[Data extracted from a collection]
= = = =

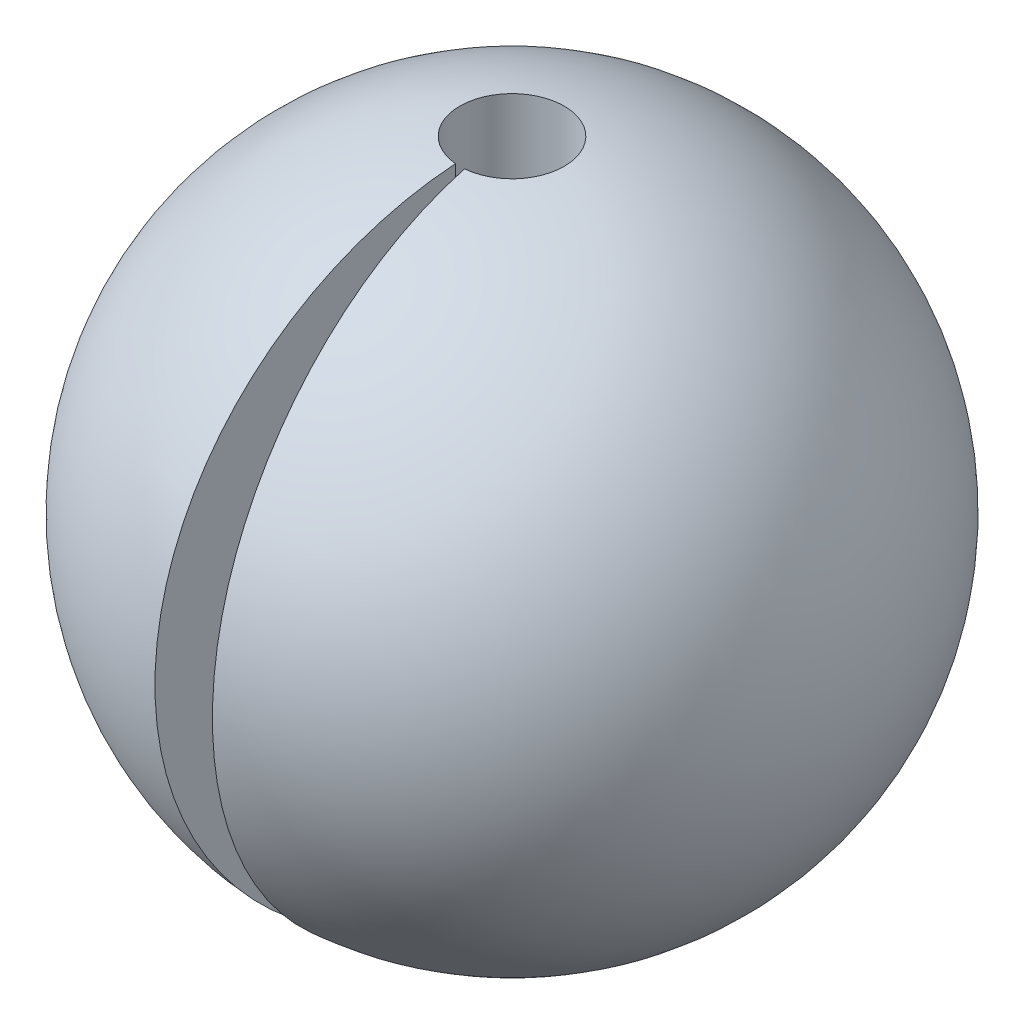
from build123d import *

# Parameters (mm, degrees)
CUT_EXTRUDE_1_DEPTH      = 3278.102226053
CUT_EXTRUDE_1_DEPTH_BACK = 3278.102226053


with BuildPart() as part:
    # Sketch 1 → Revolve 2 (revolve)
    with BuildSketch(Plane.XY):
        with BuildLine():
            Line((-301, 1876.006130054), (-301, -1876.006130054))
            ThreePointArc((-301, -1876.006130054), (-1900, 0), (-301, 1876.006130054))
        make_face()
    revolve(axis=Axis((0, 0, 0), (0, 1, 0)))

    # Sketch 2 → Cut-Extrude 1 (cut, two sides: drawn at the far end of the back side and taken through both)
    with BuildSketch(Plane(origin=(0, 0, 0), x_dir=(1, 0, 0), z_dir=(0, 1, 0)).offset(-CUT_EXTRUDE_1_DEPTH_BACK)):
        Polygon((0, 0), (-204.578400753, -2338.341820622), (204.578400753, -2338.341820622), align=None)
    extrude(amount=CUT_EXTRUDE_1_DEPTH + CUT_EXTRUDE_1_DEPTH_BACK, mode=Mode.SUBTRACT)


solid = part.part

= = = =

* What you need to do *
Transcribe each of the records above precisely, with no pictures in the copy.

* Answer space *
from build123d import *

# Parameters (mm, degrees)
CUT_EXTRUDE_1_DEPTH      = 3278.102226053
CUT_EXTRUDE_1_DEPTH_BACK = 3278.102226053


with BuildPart() as part:
    # Sketch 1 → Revolve 2 (revolve)
    with BuildSketch(Plane.XY):
        with BuildLine():
            Line((-301, 1876.006130054), (-301, -1876.006130054))
            ThreePointArc((-301, -1876.006130054), (-1900, 0), (-301, 1876.006130054))
        make_face()
    revolve(axis=Axis((0, 0, 0), (0, 1, 0)))

    # Sketch 2 → Cut-Extrude 1 (cut, two sides: drawn at the far end of the back side and taken through both)
    with BuildSketch(Plane(origin=(0, 0, 0), x_dir=(1, 0, 0), z_dir=(0, 1, 0)).offset(-CUT_EXTRUDE_1_DEPTH_BACK)):
        Polygon((0, 0), (-204.578400753, -2338.341820622), (204.578400753, -2338.341820622), align=None)
    extrude(amount=CUT_EXTRUDE_1_DEPTH + CUT_EXTRUDE_1_DEPTH_BACK, mode=Mode.SUBTRACT)


solid = part.part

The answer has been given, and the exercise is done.